# [Urgent] Headphones for 5-7k



## SlashDK (Jan 16, 2012)

I'm getting a new pair of headphones for my birthday. The budget is 5-7k. Please do suggest wireless headphones as well. I'm open to buying from both Nehru Place and online. I'll be buying them this week so please suggest. I hope the details are sufficient since i'm a total noob in audio .

How is the TDK WR700? It got a worthy mention in the digit zero1 awards.


----------



## Faun (Jan 17, 2012)

Ath-m50


----------



## Krow (Jan 17, 2012)

Grado series one?


----------



## sukant (Jan 17, 2012)

Sadly both of the above are awesome headphones but currently out of stock locally . Even i was thinking of going for one.


----------



## dashing.sujay (Jan 17, 2012)

Most of the elite products are hard to find locally in India, especially audio products. Better buy online. You'll get decent pricing also.

@OP- You have an array of options like M35, AD700, grados (don't know the exact model)

@Krow- Do you know where Grados ar available online?


----------



## sukant (Jan 17, 2012)

@Dashing.sujay
I was referring to India when i meant locally  , for me getting even skullcandy locally(in my state) is a PITA . 

Grados AFAIK are available only with pristine note with 1 year dealer warranty in India , same goes with the M50.
Currently i think only the MS1i from the alessandro's are available.


----------



## Krow (Jan 17, 2012)

Yes, Pristine Note is the place to go for Grados. Send them a mail (info at pristinenote).


----------



## SlashDK (Jan 17, 2012)

any idea how they compare to TDK WR700? Also are they wireless?


----------



## prabhu.wali (Jan 17, 2012)

please mention ur preferred genre,it'd be easy to recommend


----------



## SlashDK (Jan 18, 2012)

^^Genre
Sorry i'm total noob in audio. Do you mean what I listen to? In that case i'm mostly going to use it for games only. I need one that can be used for at least 3 years (looking for good warranty) without any problems. Preferably wireless.


----------



## dashing.sujay (Jan 18, 2012)

^AD700 then ftw.


----------



## prabhu.wali (Jan 18, 2012)

Cybertonic said:


> ^^Genre
> Sorry i'm total noob in audio. Do you mean what I listen to? In that case i'm mostly going to use it for games only. I need one that can be used for at least 3 years (looking for good warranty) without any problems. Preferably wireless.



np for games only look for skull candy,roccat kave 5.1 gaming headset


----------



## red dragon (Jan 18, 2012)

Why are you people suggesting open cans for gaming ?


----------



## dashing.sujay (Jan 18, 2012)

red dragon said:


> Why are you people suggesting open cans for gaming ?

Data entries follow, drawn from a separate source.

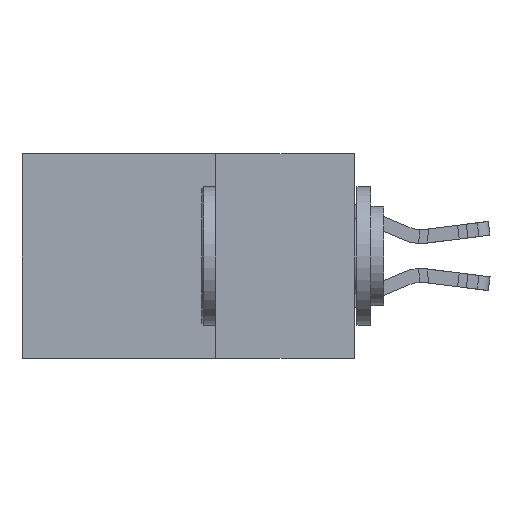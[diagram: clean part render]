
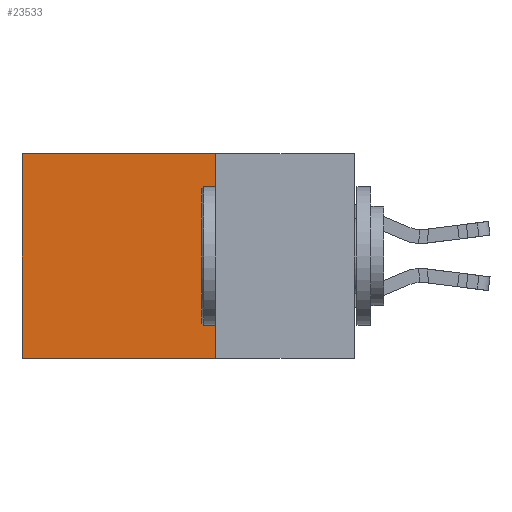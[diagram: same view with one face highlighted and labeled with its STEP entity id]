
A CAD part, left-side view. The second image highlights one B-rep face of the part: STEP entity #23533.
In plain terms, the highlighted planar face has unit normal (-1, 0, 0).
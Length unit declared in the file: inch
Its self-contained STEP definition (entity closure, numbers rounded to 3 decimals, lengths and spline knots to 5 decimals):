
#607 = CARTESIAN_POINT ( 'NONE',  ( 0.2615, 0.25, -0.37 ) ) ;
#857 = EDGE_CURVE ( 'NONE', #7069, #3981, #7715, .T. ) ;
#1672 = DIRECTION ( 'NONE',  ( 0., 1., 0. ) ) ;
#2809 = CARTESIAN_POINT ( 'NONE',  ( 0.2615, 0.6, -0.37 ) ) ;
#2958 = AXIS2_PLACEMENT_3D ( 'NONE', #24674, #12249, #26747 ) ;
#3758 = VERTEX_POINT ( 'NONE', #11634 ) ;
#3981 = VERTEX_POINT ( 'NONE', #2809 ) ;
#4993 = LINE ( 'NONE', #607, #15394 ) ;
#5924 = CARTESIAN_POINT ( 'NONE',  ( 0.2615, 0.25, 0. ) ) ;
#6021 = VECTOR ( 'NONE', #1672, 39.37008 ) ;
#7069 = VERTEX_POINT ( 'NONE', #26180 ) ;
#7715 = LINE ( 'NONE', #11535, #24896 ) ;
#7802 = EDGE_CURVE ( 'NONE', #3758, #26451, #22607, .T. ) ;
#8234 = ORIENTED_EDGE ( 'NONE', *, *, #21073, .F. ) ;
#8377 = CARTESIAN_POINT ( 'NONE',  ( 0.2615, 0.6, -0.37 ) ) ;
#11535 = CARTESIAN_POINT ( 'NONE',  ( 0.2615, 0.25, -0.37 ) ) ;
#11634 = CARTESIAN_POINT ( 'NONE',  ( 0.2615, 0.25, 0. ) ) ;
#12166 = PLANE ( 'NONE',  #2958 ) ;
#12249 = DIRECTION ( 'NONE',  ( 1., 0., 0. ) ) ;
#12510 = EDGE_CURVE ( 'NONE', #26451, #3981, #19069, .T. ) ;
#12973 = CARTESIAN_POINT ( 'NONE',  ( 0.2615, 0.6, 0. ) ) ;
#13539 = VECTOR ( 'NONE', #24405, 39.37008 ) ;
#14636 = EDGE_LOOP ( 'NONE', ( #15084, #20885, #8234, #15596 ) ) ;
#15084 = ORIENTED_EDGE ( 'NONE', *, *, #12510, .T. ) ;
#15343 = DIRECTION ( 'NONE',  ( 0., 0., -1. ) ) ;
#15394 = VECTOR ( 'NONE', #15343, 39.37008 ) ;
#15596 = ORIENTED_EDGE ( 'NONE', *, *, #7802, .T. ) ;
#15608 = FACE_OUTER_BOUND ( 'NONE', #14636, .T. ) ;
#18674 = DIRECTION ( 'NONE',  ( 0., 1., 0. ) ) ;
#19069 = LINE ( 'NONE', #8377, #13539 ) ;
#20885 = ORIENTED_EDGE ( 'NONE', *, *, #857, .F. ) ;
#21073 = EDGE_CURVE ( 'NONE', #3758, #7069, #4993, .T. ) ;
#22607 = LINE ( 'NONE', #5924, #6021 ) ;
#23533 = ADVANCED_FACE ( 'NONE', ( #15608 ), #12166, .F. ) ;
#24405 = DIRECTION ( 'NONE',  ( 0., 0., -1. ) ) ;
#24674 = CARTESIAN_POINT ( 'NONE',  ( 0.2615, 0.25, -0.37 ) ) ;
#24896 = VECTOR ( 'NONE', #18674, 39.37008 ) ;
#26180 = CARTESIAN_POINT ( 'NONE',  ( 0.2615, 0.25, -0.37 ) ) ;
#26451 = VERTEX_POINT ( 'NONE', #12973 ) ;
#26747 = DIRECTION ( 'NONE',  ( 0., 0., -1. ) ) ;

AFAIK open cans are better suited for gaming as they provide a better soundstage.


----------



## SlashDK (Jan 19, 2012)

Anything available in wireless? Otherwise will go for ad700 or roccat kave 5.1 (roccat looks cooler).


----------



## guru_urug (Jan 20, 2012)

Speak to Tenida about the Roccat Kave 5.1
They are amazingly good Ive heard, even without a dedicated soundcard


----------



## red dragon (Jan 20, 2012)

dashing.sujay said:


> AFAIK open cans are better suited for gaming as they provide a better soundstage.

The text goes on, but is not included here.